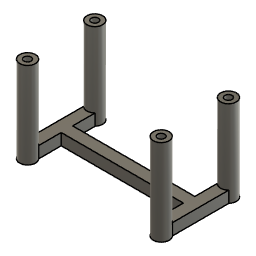
bracketEspHouse (Autodesk Fusion 360 design; units mm, degrees)
Autodesk Fusion 360 part; units mm, degrees
sketch "Schizzo8" plane through (0, 0, 0) normal (0, 1, 0) x (1, 0, 0)
  line L0 (45.3365, 90.3085) -> (91.8565, 90.3085)
  line L1 (91.8565, 90.3085) -> (91.8565, 66.9085)
  line L2 (91.8565, 66.9085) -> (45.3365, 66.9085)
  line L3 (45.3365, 66.9085) -> (45.3365, 90.3085)
  circle A0 centre (45.3365, 90.3085) radius 2.75
  circle A1 centre (91.8565, 90.3085) radius 2.75
  circle A2 centre (91.8565, 66.9085) radius 2.75
  circle A3 centre (45.3365, 66.9085) radius 2.75
  line L4 (45.3365, 90.3085) -> (47.3365, 90.3085)
  line L5 (45.3365, 90.3085) -> (43.3365, 90.3085)
  line L6 (43.3365, 90.3085) -> (43.3365, 66.9085)
  line L7 (47.3365, 90.3085) -> (47.3365, 66.9085)
  line L8 (91.8565, 90.3085) -> (93.8565, 90.3085)
  line L9 (91.8565, 90.3085) -> (89.8565, 90.3085)
  line L10 (89.8565, 90.3085) -> (89.8565, 66.9085)
  line L11 (93.8565, 90.3085) -> (93.8565, 66.9085)
  line L12 (93.8565, 78.6085) -> (93.8565, 80.6085)
  line L13 (93.8565, 78.6085) -> (93.8565, 76.6085)
  line L14 (93.8565, 80.6085) -> (43.3365, 80.6085)
  line L15 (93.8565, 76.6085) -> (43.3365, 76.6085)
  dimension "d71" = 46.52
  dimension "d72" = 23.4
  dimension "d73" = 5.5
  dimension "d74" = 5.5
  dimension "d75" = 5.5
  dimension "d76" = 5.5
  dimension "d77" = 2
  dimension "d78" = 2
  dimension "d79" = 2
  dimension "d80" = 2
  dimension "d81" = 2
  dimension "d82" = 2
  constraint horizontal L0
  constraint vertical L1
  constraint horizontal L2
  constraint vertical L3
  constraint coincident L0.start L3.end
  constraint coincident L0.end L1.start
  constraint coincident L1.end L2.start
  constraint coincident L2.end L3.start
  constraint perpendicular L3 L4
  constraint perpendicular L3 L5
  constraint perpendicular L2 L6
  constraint coincident L2 L7.end
  constraint perpendicular L2 L7
  constraint perpendicular L1 L8
  constraint perpendicular L1 L9
  constraint coincident L2 L10.end
  constraint perpendicular L2 L10
  constraint perpendicular L8 L11
  constraint midpoint L11 L12.start
  constraint parallel L11 L12
  constraint parallel L11 L13
  constraint coincident L6 L14.end
  constraint perpendicular L6 L14
  constraint coincident L6 L15.end
  constraint perpendicular L6 L15
  measures "d71" distance of L0.start L0.end
  measures "d72" distance of L0.start L2.end
  measures "d73" diameter of A0
  measures "d74" diameter of A1
  measures "d75" diameter of A2
  measures "d76" diameter of A3
  measures "d77" distance of L0.start L4.end
  measures "d78" distance of L0.start L5.end
  measures "d79" distance of L0.end L8.end
  measures "d80" distance of L0.end L9.end
  measures "d81" distance of L12.start L12.end
  measures "d82" distance of L12.start L13.end
extrude "Estrusione14" add sketch "Schizzo8" along normal blind 4 contours L3 A0 L7 L14 | L3 A0 L6 L14 | L3 L7 L14 L15 | L3 L6 L14 L15 | L7 L10 L14 L15 | L3 A3 L7 L15 | L3 A3 L6 L15 | L1 A1 L10 L14 | L1 L10 L14 L15 | L1 A1 L11 L14 | L1 A2 L10 L15 | L1 L11 L12 L13 L14 L15 | L1 A2 L11 L15
extrude "Estrusione15" add sketch "Schizzo8" along normal blind 30 contours L0 A0 L4 L5 L6 | L0 L3 A0 L4 L7 | L3 A0 L5 L6 | L0 A0 L7 | L0 A1 L8 L9 L11 | L0 A1 L10 | L0 L1 A1 L9 L10 | L2 L3 A3 L7 | L2 L3 A3 | L1 A1 L8 L11 | L2 A3 L7 | L2 A2 L10 | L1 L2 A2 L10 | L1 L2 A2
hole "Foratura5" at (45.3365, 30, -90.3085) direction (0, -1, 0) diameter 2.5 depth 7 tip angle 118
hole "Foratura6" at (45.3365, 30, -66.9085) direction (0, -1, 0) diameter 2.5 depth 7 tip angle 118
hole "Foratura7" at (91.8565, 30, -66.9085) direction (0, -1, 0) diameter 2.5 depth 7 tip angle 118
hole "Foratura8" at (91.8565, 30, -90.3085) direction (0, -1, 0) diameter 2.5 depth 7 tip angle 118

##############################

**TRY IT**
From the listing above, copy out each line where the word "distance" appears.

**RESULT**
  measures "d71" distance of L0.start L0.end
  measures "d72" distance of L0.start L2.end
  measures "d77" distance of L0.start L4.end
  measures "d78" distance of L0.start L5.end
  measures "d79" distance of L0.end L8.end
  measures "d80" distance of L0.end L9.end
  measures "d81" distance of L12.start L12.end
  measures "d82" distance of L12.start L13.end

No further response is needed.